Calculate Bounding box coordinates from a rotated rectangle
- Transform the coordinates of all four corners
- Find the smallest of all four x's as
min_x - Find the largest of all four x's and call it
max_x - Ditto with the y's
- Your bounding box is
(min_x,min_y), (min_x,max_y), (max_x,max_y), (max_x,min_y)
AFAIK, there isn't any royal road that will get you there much faster.
If you are wondering how to transform the coordinates, try:
x2 = x0+(x-x0)*cos(theta)+(y-y0)*sin(theta)
y2 = y0-(x-x0)*sin(theta)+(y-y0)*cos(theta)
where (x0,y0) is the center around which you are rotating. You may need to tinker with this depending on your trig functions (do they expect degrees or radians) the sense / sign of your coordinate system vs. how you are specifying angles, etc.
I realize that you're asking for ActionScript but, just in case anyone gets here looking for the iOS or OS-X answer, it is this:
+ (CGRect) boundingRectAfterRotatingRect: (CGRect) rect toAngle: (float) radians
{
CGAffineTransform xfrm = CGAffineTransformMakeRotation(radians);
CGRect result = CGRectApplyAffineTransform (rect, xfrm);
return result;
}
If your OS offers to do all the hard work for you, let it! :)
Swift:
func boundingRectAfterRotatingRect(rect: CGRect, toAngle radians: CGFloat) -> CGRect {
let xfrm = CGAffineTransformMakeRotation(radians)
return CGRectApplyAffineTransform (rect, xfrm)
}
The method outlined by MarkusQ works perfectly but bear in mind that you don't need to transform the other three corners if you have point A already.
An alternative method, which is more efficient, is to test which quadrant your rotation angle is in and then simply compute the answer directly. This is more efficient as you only have a worst case of two if statements (checking the angle) whereas the other approach has a worst case of twelve (6 for each component when checking the other three corners to see if they are greater than the current max or less than the current min) I think.

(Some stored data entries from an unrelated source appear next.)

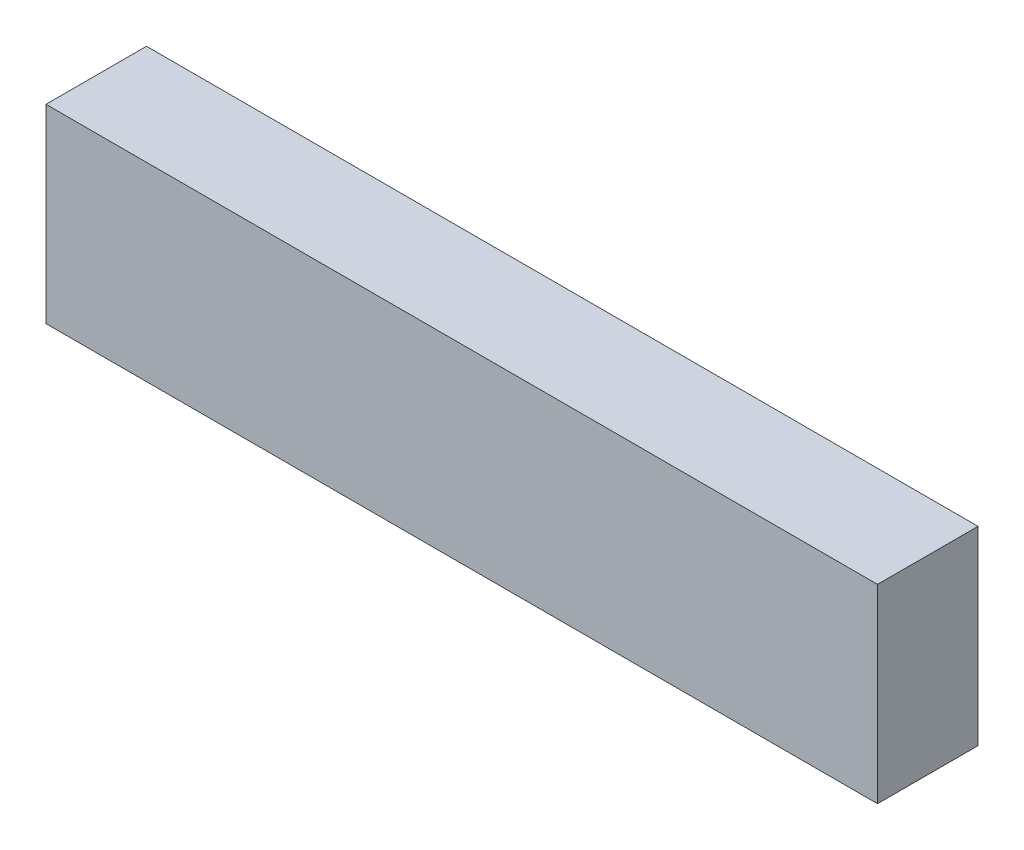
ISO-10303-21;
HEADER;
FILE_DESCRIPTION(('STEP AP214'),'2;1');
FILE_NAME('part.step','',(''),(''),'','','');
FILE_SCHEMA(('AUTOMOTIVE_DESIGN { 1 0 10303 214 1 1 1 1 }'));
ENDSEC;
DATA;
#1=APPLICATION_CONTEXT('core data for automotive mechanical design processes');
#2=APPLICATION_PROTOCOL_DEFINITION('international standard','automotive_design',2000,#1);
#3=PRODUCT_CONTEXT('',#1,'mechanical');
#4=PRODUCT('Part','Part','',(#3));
#5=PRODUCT_RELATED_PRODUCT_CATEGORY('part','',(#4));
#6=PRODUCT_DEFINITION_FORMATION('','',#4);
#7=PRODUCT_DEFINITION_CONTEXT('part definition',#1,'design');
#8=PRODUCT_DEFINITION('design','',#6,#7);
#9=PRODUCT_DEFINITION_SHAPE('','',#8);
#10=(LENGTH_UNIT() NAMED_UNIT(*) SI_UNIT(.MILLI.,.METRE.));
#11=(NAMED_UNIT(*) PLANE_ANGLE_UNIT() SI_UNIT($,.RADIAN.));
#12=(NAMED_UNIT(*) SI_UNIT($,.STERADIAN.) SOLID_ANGLE_UNIT());
#13=UNCERTAINTY_MEASURE_WITH_UNIT(LENGTH_MEASURE(1.E-05),#10,'distance_accuracy_value','');
#14=(GEOMETRIC_REPRESENTATION_CONTEXT(3) GLOBAL_UNCERTAINTY_ASSIGNED_CONTEXT((#13)) GLOBAL_UNIT_ASSIGNED_CONTEXT((#10,
#11,#12)) REPRESENTATION_CONTEXT('',''));
#15=CARTESIAN_POINT('',(0.,0.,0.));
#16=DIRECTION('',(0.,0.,1.));
#17=DIRECTION('',(1.,0.,0.));
#18=AXIS2_PLACEMENT_3D('',#15,#16,#17);
#19=CARTESIAN_POINT('',(-30.2,6.9,7.3));
#20=DIRECTION('',(1.,0.,0.));
#21=DIRECTION('',(0.,1.,0.));
#22=AXIS2_PLACEMENT_3D('',#19,#20,#21);
#23=PLANE('',#22);
#24=DIRECTION('',(0.,-1.,0.));
#25=VECTOR('',#24,1.);
#26=CARTESIAN_POINT('',(-30.2,6.9,0.));
#27=LINE('',#26,#25);
#28=CARTESIAN_POINT('',(-30.2,6.9,0.));
#29=VERTEX_POINT('',#28);
#30=CARTESIAN_POINT('',(-30.2,-6.9,0.));
#31=VERTEX_POINT('',#30);
#32=EDGE_CURVE('E102',#29,#31,#27,.T.);
#33=ORIENTED_EDGE('',*,*,#32,.T.);
#34=DIRECTION('',(0.,0.,-1.));
#35=VECTOR('',#34,1.);
#36=CARTESIAN_POINT('',(-30.2,-6.9,7.3));
#37=LINE('',#36,#35);
#38=CARTESIAN_POINT('',(-30.2,-6.9,7.3));
#39=VERTEX_POINT('',#38);
#40=EDGE_CURVE('E11',#39,#31,#37,.T.);
#41=ORIENTED_EDGE('',*,*,#40,.F.);
#42=DIRECTION('',(0.,-1.,0.));
#43=VECTOR('',#42,1.);
#44=CARTESIAN_POINT('',(-30.2,6.9,7.3));
#45=LINE('',#44,#43);
#46=CARTESIAN_POINT('',(-30.2,6.9,7.3));
#47=VERTEX_POINT('',#46);
#48=EDGE_CURVE('E90',#47,#39,#45,.T.);
#49=ORIENTED_EDGE('',*,*,#48,.F.);
#50=DIRECTION('',(0.,0.,-1.));
#51=VECTOR('',#50,1.);
#52=CARTESIAN_POINT('',(-30.2,6.9,7.3));
#53=LINE('',#52,#51);
#54=EDGE_CURVE('E98',#47,#29,#53,.T.);
#55=ORIENTED_EDGE('',*,*,#54,.T.);
#56=EDGE_LOOP('',(#33,#41,#49,#55));
#57=FACE_BOUND('',#56,.T.);
#58=ADVANCED_FACE('F39',(#57),#23,.F.);
#59=CARTESIAN_POINT('',(-30.2,-6.9,7.3));
#60=DIRECTION('',(0.,1.,0.));
#61=DIRECTION('',(0.,0.,1.));
#62=AXIS2_PLACEMENT_3D('',#59,#60,#61);
#63=PLANE('',#62);
#64=DIRECTION('',(1.,0.,0.));
#65=VECTOR('',#64,1.);
#66=CARTESIAN_POINT('',(-30.2,-6.9,0.));
#67=LINE('',#66,#65);
#68=CARTESIAN_POINT('',(30.2,-6.9,0.));
#69=VERTEX_POINT('',#68);
#70=EDGE_CURVE('E94',#31,#69,#67,.T.);
#71=ORIENTED_EDGE('',*,*,#70,.T.);
#72=DIRECTION('',(0.,0.,-1.));
#73=VECTOR('',#72,1.);
#74=CARTESIAN_POINT('',(30.2,-6.9,7.3));
#75=LINE('',#74,#73);
#76=CARTESIAN_POINT('',(30.2,-6.9,7.3));
#77=VERTEX_POINT('',#76);
#78=EDGE_CURVE('E47',#77,#69,#75,.T.);
#79=ORIENTED_EDGE('',*,*,#78,.F.);
#80=DIRECTION('',(1.,0.,0.));
#81=VECTOR('',#80,1.);
#82=CARTESIAN_POINT('',(-30.2,-6.9,7.3));
#83=LINE('',#82,#81);
#84=EDGE_CURVE('E85',#39,#77,#83,.T.);
#85=ORIENTED_EDGE('',*,*,#84,.F.);
#86=ORIENTED_EDGE('',*,*,#40,.T.);
#87=EDGE_LOOP('',(#71,#79,#85,#86));
#88=FACE_BOUND('',#87,.T.);
#89=ADVANCED_FACE('F93',(#88),#63,.F.);
#90=CARTESIAN_POINT('',(30.2,6.9,7.3));
#91=DIRECTION('',(-1.,0.,0.));
#92=DIRECTION('',(0.,0.,1.));
#93=AXIS2_PLACEMENT_3D('',#90,#91,#92);
#94=PLANE('',#93);
#95=DIRECTION('',(0.,1.,0.));
#96=VECTOR('',#95,1.);
#97=CARTESIAN_POINT('',(30.2,6.9,0.));
#98=LINE('',#97,#96);
#99=CARTESIAN_POINT('',(30.2,6.9,0.));
#100=VERTEX_POINT('',#99);
#101=EDGE_CURVE('E72',#69,#100,#98,.T.);
#102=ORIENTED_EDGE('',*,*,#101,.T.);
#103=DIRECTION('',(0.,0.,-1.));
#104=VECTOR('',#103,1.);
#105=CARTESIAN_POINT('',(30.2,6.9,7.3));
#106=LINE('',#105,#104);
#107=CARTESIAN_POINT('',(30.2,6.9,7.3));
#108=VERTEX_POINT('',#107);
#109=EDGE_CURVE('E95',#108,#100,#106,.T.);
#110=ORIENTED_EDGE('',*,*,#109,.F.);
#111=DIRECTION('',(0.,1.,0.));
#112=VECTOR('',#111,1.);
#113=CARTESIAN_POINT('',(30.2,6.9,7.3));
#114=LINE('',#113,#112);
#115=EDGE_CURVE('E88',#77,#108,#114,.T.);
#116=ORIENTED_EDGE('',*,*,#115,.F.);
#117=ORIENTED_EDGE('',*,*,#78,.T.);
#118=EDGE_LOOP('',(#102,#110,#116,#117));
#119=FACE_BOUND('',#118,.T.);
#120=ADVANCED_FACE('F96',(#119),#94,.F.);
#121=CARTESIAN_POINT('',(-30.2,6.9,7.3));
#122=DIRECTION('',(0.,-1.,0.));
#123=DIRECTION('',(1.,0.,0.));
#124=AXIS2_PLACEMENT_3D('',#121,#122,#123);
#125=PLANE('',#124);
#126=DIRECTION('',(-1.,0.,0.));
#127=VECTOR('',#126,1.);
#128=CARTESIAN_POINT('',(-30.2,6.9,0.));
#129=LINE('',#128,#127);
#130=EDGE_CURVE('E78',#100,#29,#129,.T.);
#131=ORIENTED_EDGE('',*,*,#130,.T.);
#132=ORIENTED_EDGE('',*,*,#54,.F.);
#133=DIRECTION('',(-1.,0.,0.));
#134=VECTOR('',#133,1.);
#135=CARTESIAN_POINT('',(-30.2,6.9,7.3));
#136=LINE('',#135,#134);
#137=EDGE_CURVE('E55',#108,#47,#136,.T.);
#138=ORIENTED_EDGE('',*,*,#137,.F.);
#139=ORIENTED_EDGE('',*,*,#109,.T.);
#140=EDGE_LOOP('',(#131,#132,#138,#139));
#141=FACE_BOUND('',#140,.T.);
#142=ADVANCED_FACE('F109',(#141),#125,.F.);
#143=CARTESIAN_POINT('',(0.,0.,7.3));
#144=DIRECTION('',(0.,0.,1.));
#145=DIRECTION('',(1.,0.,0.));
#146=AXIS2_PLACEMENT_3D('',#143,#144,#145);
#147=PLANE('',#146);
#148=ORIENTED_EDGE('',*,*,#48,.T.);
#149=ORIENTED_EDGE('',*,*,#84,.T.);
#150=ORIENTED_EDGE('',*,*,#115,.T.);
#151=ORIENTED_EDGE('',*,*,#137,.T.);
#152=EDGE_LOOP('',(#148,#149,#150,#151));
#153=FACE_BOUND('',#152,.T.);
#154=ADVANCED_FACE('F86',(#153),#147,.T.);
#155=CARTESIAN_POINT('',(0.,0.,0.));
#156=DIRECTION('',(0.,0.,1.));
#157=DIRECTION('',(1.,0.,0.));
#158=AXIS2_PLACEMENT_3D('',#155,#156,#157);
#159=PLANE('',#158);
#160=ORIENTED_EDGE('',*,*,#32,.F.);
#161=ORIENTED_EDGE('',*,*,#130,.F.);
#162=ORIENTED_EDGE('',*,*,#101,.F.);
#163=ORIENTED_EDGE('',*,*,#70,.F.);
#164=EDGE_LOOP('',(#160,#161,#162,#163));
#165=FACE_BOUND('',#164,.T.);
#166=ADVANCED_FACE('F112',(#165),#159,.F.);
#167=CLOSED_SHELL('',(#58,#89,#120,#142,#154,#166));
#168=MANIFOLD_SOLID_BREP('B2',#167);
#169=ADVANCED_BREP_SHAPE_REPRESENTATION('',(#18,#168),#14);
#170=SHAPE_DEFINITION_REPRESENTATION(#9,#169);
ENDSEC;
END-ISO-10303-21;

The basic algorithm, which uses nothing more than a series of applications of Pythagoras' theorem, is shown below. I have denoted the rotation angle by theta and expressed the check there in degrees as it's pseudo-code.
ct = cos( theta );
st = sin( theta );
hct = h * ct;
wct = w * ct;
hst = h * st;
wst = w * st;
if ( theta > 0 )
{
if ( theta < 90 degrees )
{
// 0 < theta < 90
y_min = A_y;
y_max = A_y + hct + wst;
x_min = A_x - hst;
x_max = A_x + wct;
}
else
{
// 90 <= theta <= 180
y_min = A_y + hct;
y_max = A_y + wst;
x_min = A_x - hst + wct;
x_max = A_x;
}
}
else
{
if ( theta > -90 )
{
// -90 < theta <= 0
y_min = A_y + wst;
y_max = A_y + hct;
x_min = A_x;
x_max = A_x + wct - hst;
}
else
{
// -180 <= theta <= -90
y_min = A_y + wst + hct;
y_max = A_y;
x_min = A_x + wct;
x_max = A_x - hst;
}
}
This approach assumes that you have what you say you have i.e. point A and a value for theta that lies in the range [-180, 180]. I've also assumed that theta increases in the clockwise direction as that's what the rectangle that has been rotated by 30 degrees in your diagram seems to indicate you are using, I wasn't sure what the part on the right was trying to denote. If this is the wrong way around then just swap the symmetric clauses and also the sign of the st terms.